A source with ties to both
Pyongyang and Beijing told Reuters yesterday that Kim's uncle, Jang Song-thaek,
effectively the second most powerful figure in Pyongyang, had asked for the
visit when he met Chinese leaders on a visit to Beijing last week.
"It will be a state visit.
This was one of the most important missions of Jang Song-thaek's visit,"
the source told Reuters, speaking on condition of anonymity.
China's foreign ministry declined
to comment on the proposed visit, which would be Kim's first trip abroad since
he took office and became the third of his line to rule North Korea.

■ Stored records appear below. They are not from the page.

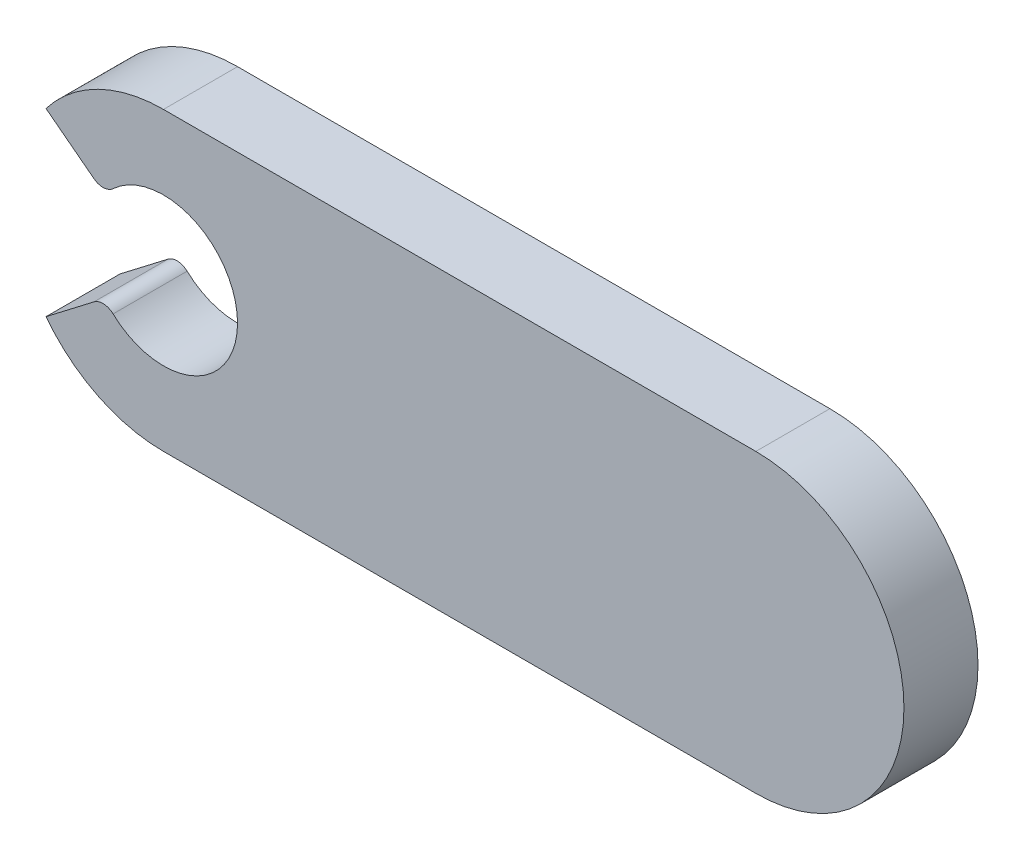
from build123d import *

# Parameters (mm, degrees)
BOSS_EXTRUDE1_DEPTH = 2.5
FILLET1_R           = 0.5


with BuildPart() as part:
    # Sketch1 → Boss-Extrude1 (new body)
    with BuildSketch(Plane.XY):
        with BuildLine():
            Line((-3.966766701, 3.043807145), (-1.983383351, 1.521903573))
            ThreePointArc((-1.983383351, 1.521903573), (2.5, 0), (-1.983383351, -1.521903573))
            Line((-1.983383351, -1.521903573), (-3.966766701, -3.043807145))
            ThreePointArc((-3.966766701, -3.043807145), (-2.211443451, -4.484363708), (0, -5))
            Line((0, -5), (20, -5))
            ThreePointArc((20, -5), (25, 0), (20, 5))
            Line((20, 5), (0, 5))
            ThreePointArc((0, 5), (-2.211443451, 4.484363708), (-3.966766701, 3.043807145))
        make_face()
    extrude(amount=BOSS_EXTRUDE1_DEPTH)

    # Fillet1
    fillet1_edges = [part.edges().sort_by_distance(p)[0] for p in [
        (-1.983383351, -1.521903573, 1.25),
        (-1.983383351, 1.521903573, 1.25),
    ]]
    fillet(fillet1_edges, radius=FILLET1_R)


solid = part.part
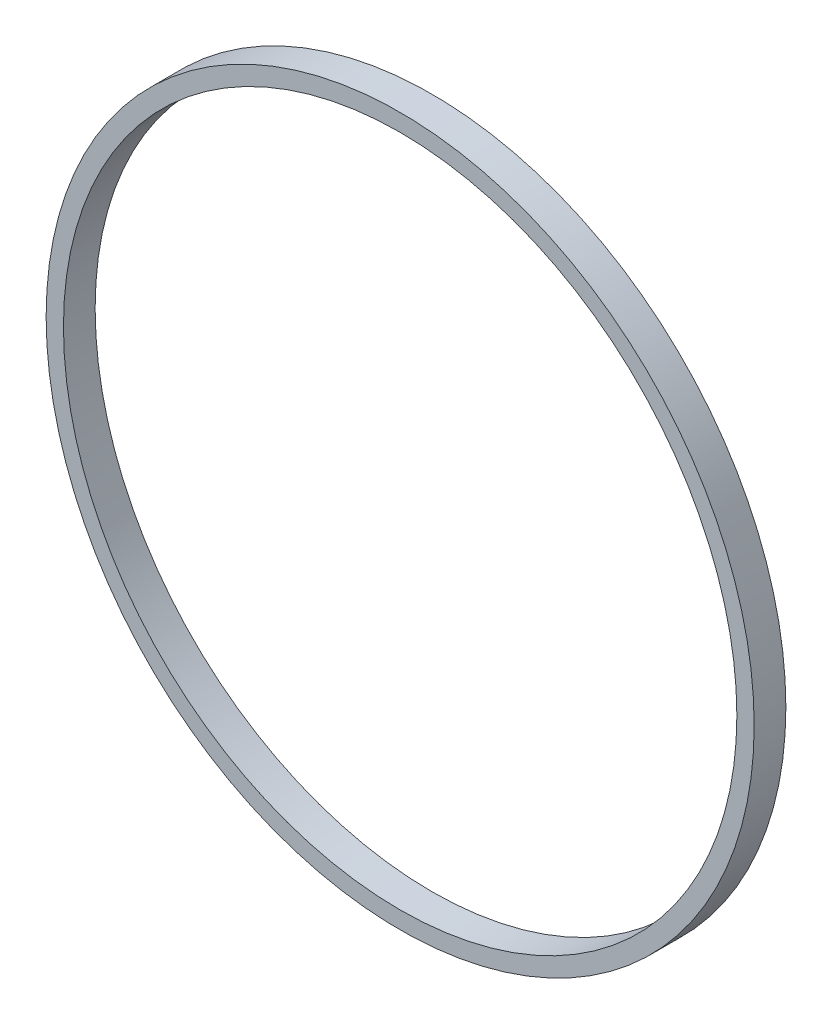
from build123d import *

# Parameters (mm, degrees)
SKETCH1_R           = 49.0855
SKETCH1_R_2         = 46.6852
BOSS_EXTRUDE1_DEPTH = 4.3942


with BuildPart() as part:
    # Sketch1 → Boss-Extrude1 (new body)
    with BuildSketch(Plane.XY):
        Circle(SKETCH1_R)
        Circle(SKETCH1_R_2, mode=Mode.SUBTRACT)
    extrude(amount=BOSS_EXTRUDE1_DEPTH)


solid = part.part

Kim, in his late 20s, appears to
be trying hard to soften the dour image of his dictator father whom he
succeeded in December.
He has appeared waving and
smiling at public events, even attending a pop concert that included Disney
characters, and at times - just as unusually for a North Korean leader -
accompanied by his wife.
But for most of North Korea's 22
million people, who are among the Asia's poorest, little has changed.
Some analysts see Jang as the
driving force behind the North's promise of economic reform. Kim's uncle made
his trip to China to press its leaders to provide greater backing for an
economy brought to its knees by decades of mismanagement and international
sanctions over missile and nuclear tests.
Beijing may be loath to host Kim
in September at a time when China is preparing its own leadership change and
because of the April rocket test, analysts said.
"North Korea has been nice
to China only in the past one and half months," said Shi Yinhong, a
professor of international relations at Renmin University in Beijing.
"Heaven knows whether North
Korea will change again in a few months."
The proposed visit also comes
when there are doubts over how willing Chinese companies are to put money in
their neighbour, with its complex and contradictory investment laws.
One Chinese mining company this
month took the rare step of turning to the Internet to air grievances over what
it saw as the North's unfair business practices.
Observers said new special
enterprise zones in North Korea, aimed at building up business with China, have
met with little or limited success. United Nations estimates show that a third
of North Korea's population is malnourished.